Here's my thoughts on leasing ground in Mississippi or Arkansas.  I've done everything from run a club to lease 1 field by myself.  I can't ever see leasing just 1 field ever again.  You may be sitting on a field that has never produced that a farmer just stuck a pit in for some OOS sucker to lease.  Seen it happen many times. I've learned through a lot of trial and error  that it's best to have hunting spots spread out over as far as you feel comfortable driving (within 45 minutes). The field you can drive a 4 wheeler to from where you stay may be empty, but the area 20 minutes down the road could be covered up.  Ducks congregate around different things....sometimes snow goose feeds, other times where a different food or roost is available. I was in a club for a while where everything was within 5 minutes of the lodge, it was either feast or famine.  When the ducks were in the immediate area, it was hot.  When it wasn't, you could ride around 30 minutes in different directions and find ducks somewhere, but t all our eggs were in the 1 basket.  Frustrating.  So being spread out is a huge plus in my opinion.  I would suggest finding (or starting) a club that has like minded members and produces good numbers.  A club with lodging is gonna cost you about the same thing as it does to lease a crappy pit (by yourself) and still have to pay for hotels.   Another thing is a pit isn't always a good thing. Ducks get pit shy quick when they're getting shot at and haven't moved from the area.  Having a couple fields in your arsenal that has a good tree line or brushy levy for layouts is huge around the first of January.


----------



## Duckbuster82 (Feb 3, 2017)

hrstille said:


> #of trips you plan to make will determine if it worth it. I like season leases. I can go when I want, when the weather is right, ect ect. I go in with a group of guys and we get leases. We talk with with tons of guys and farmers then pick leases. We lay basic ground rules for the group and split all cost. It has worked well for us. We also hunt 30 days minimum. I can't see only hunting a few days or leasing by myself being beneficial.

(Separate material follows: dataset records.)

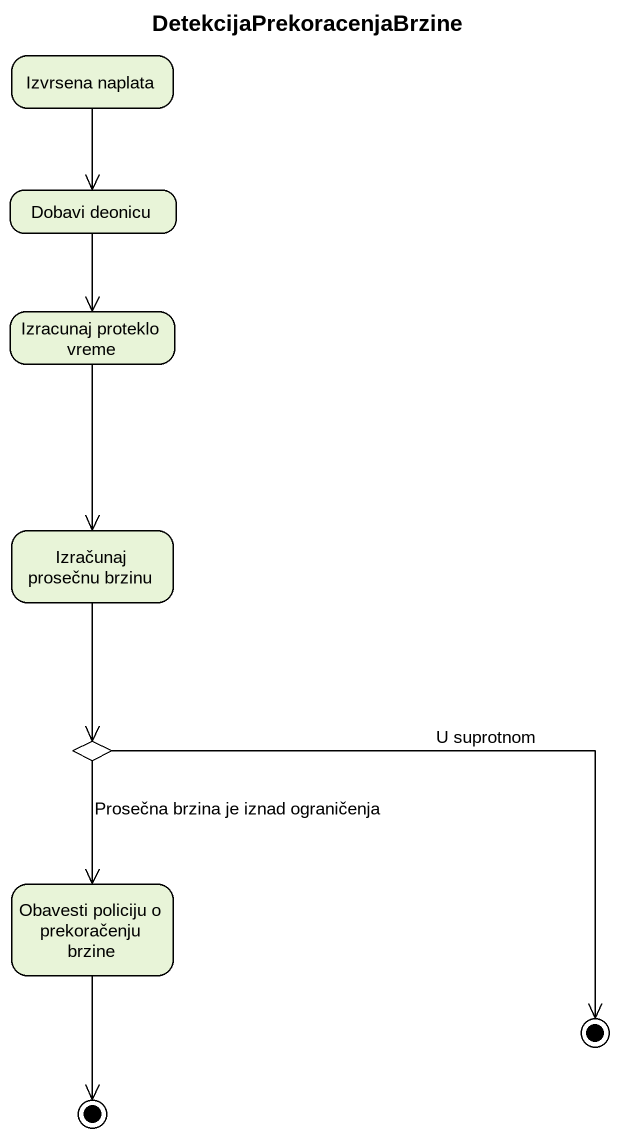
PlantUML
@startuml
title DetekcijaPrekoracenjaBrzine
hide empty description
state "Izvrsena naplata" as Izvrsena_naplata
state "Dobavi deonicu" as Dobavi_deonicu
state "Izracunaj proteklo vreme" as Izracunaj_proteklo_vreme
state "Izračunaj prosečnu brzinu" as Izračunaj_prosečnu_brzinu
state choice1 <<choice>>
state "Obavesti policiju o prekoračenju brzine" as Obavesti_policiju_o
state final1 <<end>>
state final2 <<end>>
Izvrsena_naplata --> Dobavi_deonicu
Dobavi_deonicu --> Izracunaj_proteklo_vreme
Izracunaj_proteklo_vreme --> Izračunaj_prosečnu_brzinu
Izračunaj_prosečnu_brzinu --> choice1
choice1 --> Obavesti_policiju_o : Prosečna brzina je iznad ograničenja
choice1 -right-> final1 : U suprotnom
Obavesti_policiju_o --> final2
@enduml

How many pits are y'all hunting to get in thirty days of hunting?


----------



## Arrow3 (Feb 3, 2017)

Mine and Jb's friend Todd leased a pit in Newport,  Arkansas this season. It was pitiful.  He let me go out and hunt it for 3 days and I had the best hunt of anyone killing only 9 birds. I think he went out twice and just killed 3 total. I hate he got burned on it like he did. I'm just gonna stick to hunting public land. Me and a buddy hunted 3 days the last week of the season and killed 26 even in the bad conditions . Best thing about that is just being able to move around and find birds.


----------



## mizzippi jb (Feb 3, 2017)

Arrow3 said:


> Mine and Jb's friend Todd leased a pit in Newport,  Arkansas this season. It was pitiful.  He let me go out and hunt it for 3 days and I had the best hunt of anyone killing only 9 birds. I think he went out twice and just killed 3 total. I hate he got burned on it like he did. I'm just gonna stick to hunting public land. Me and a buddy hunted 3 days the last week of the season and killed 26 even in the bad conditions . Best thing about that is just being able to move around and find birds.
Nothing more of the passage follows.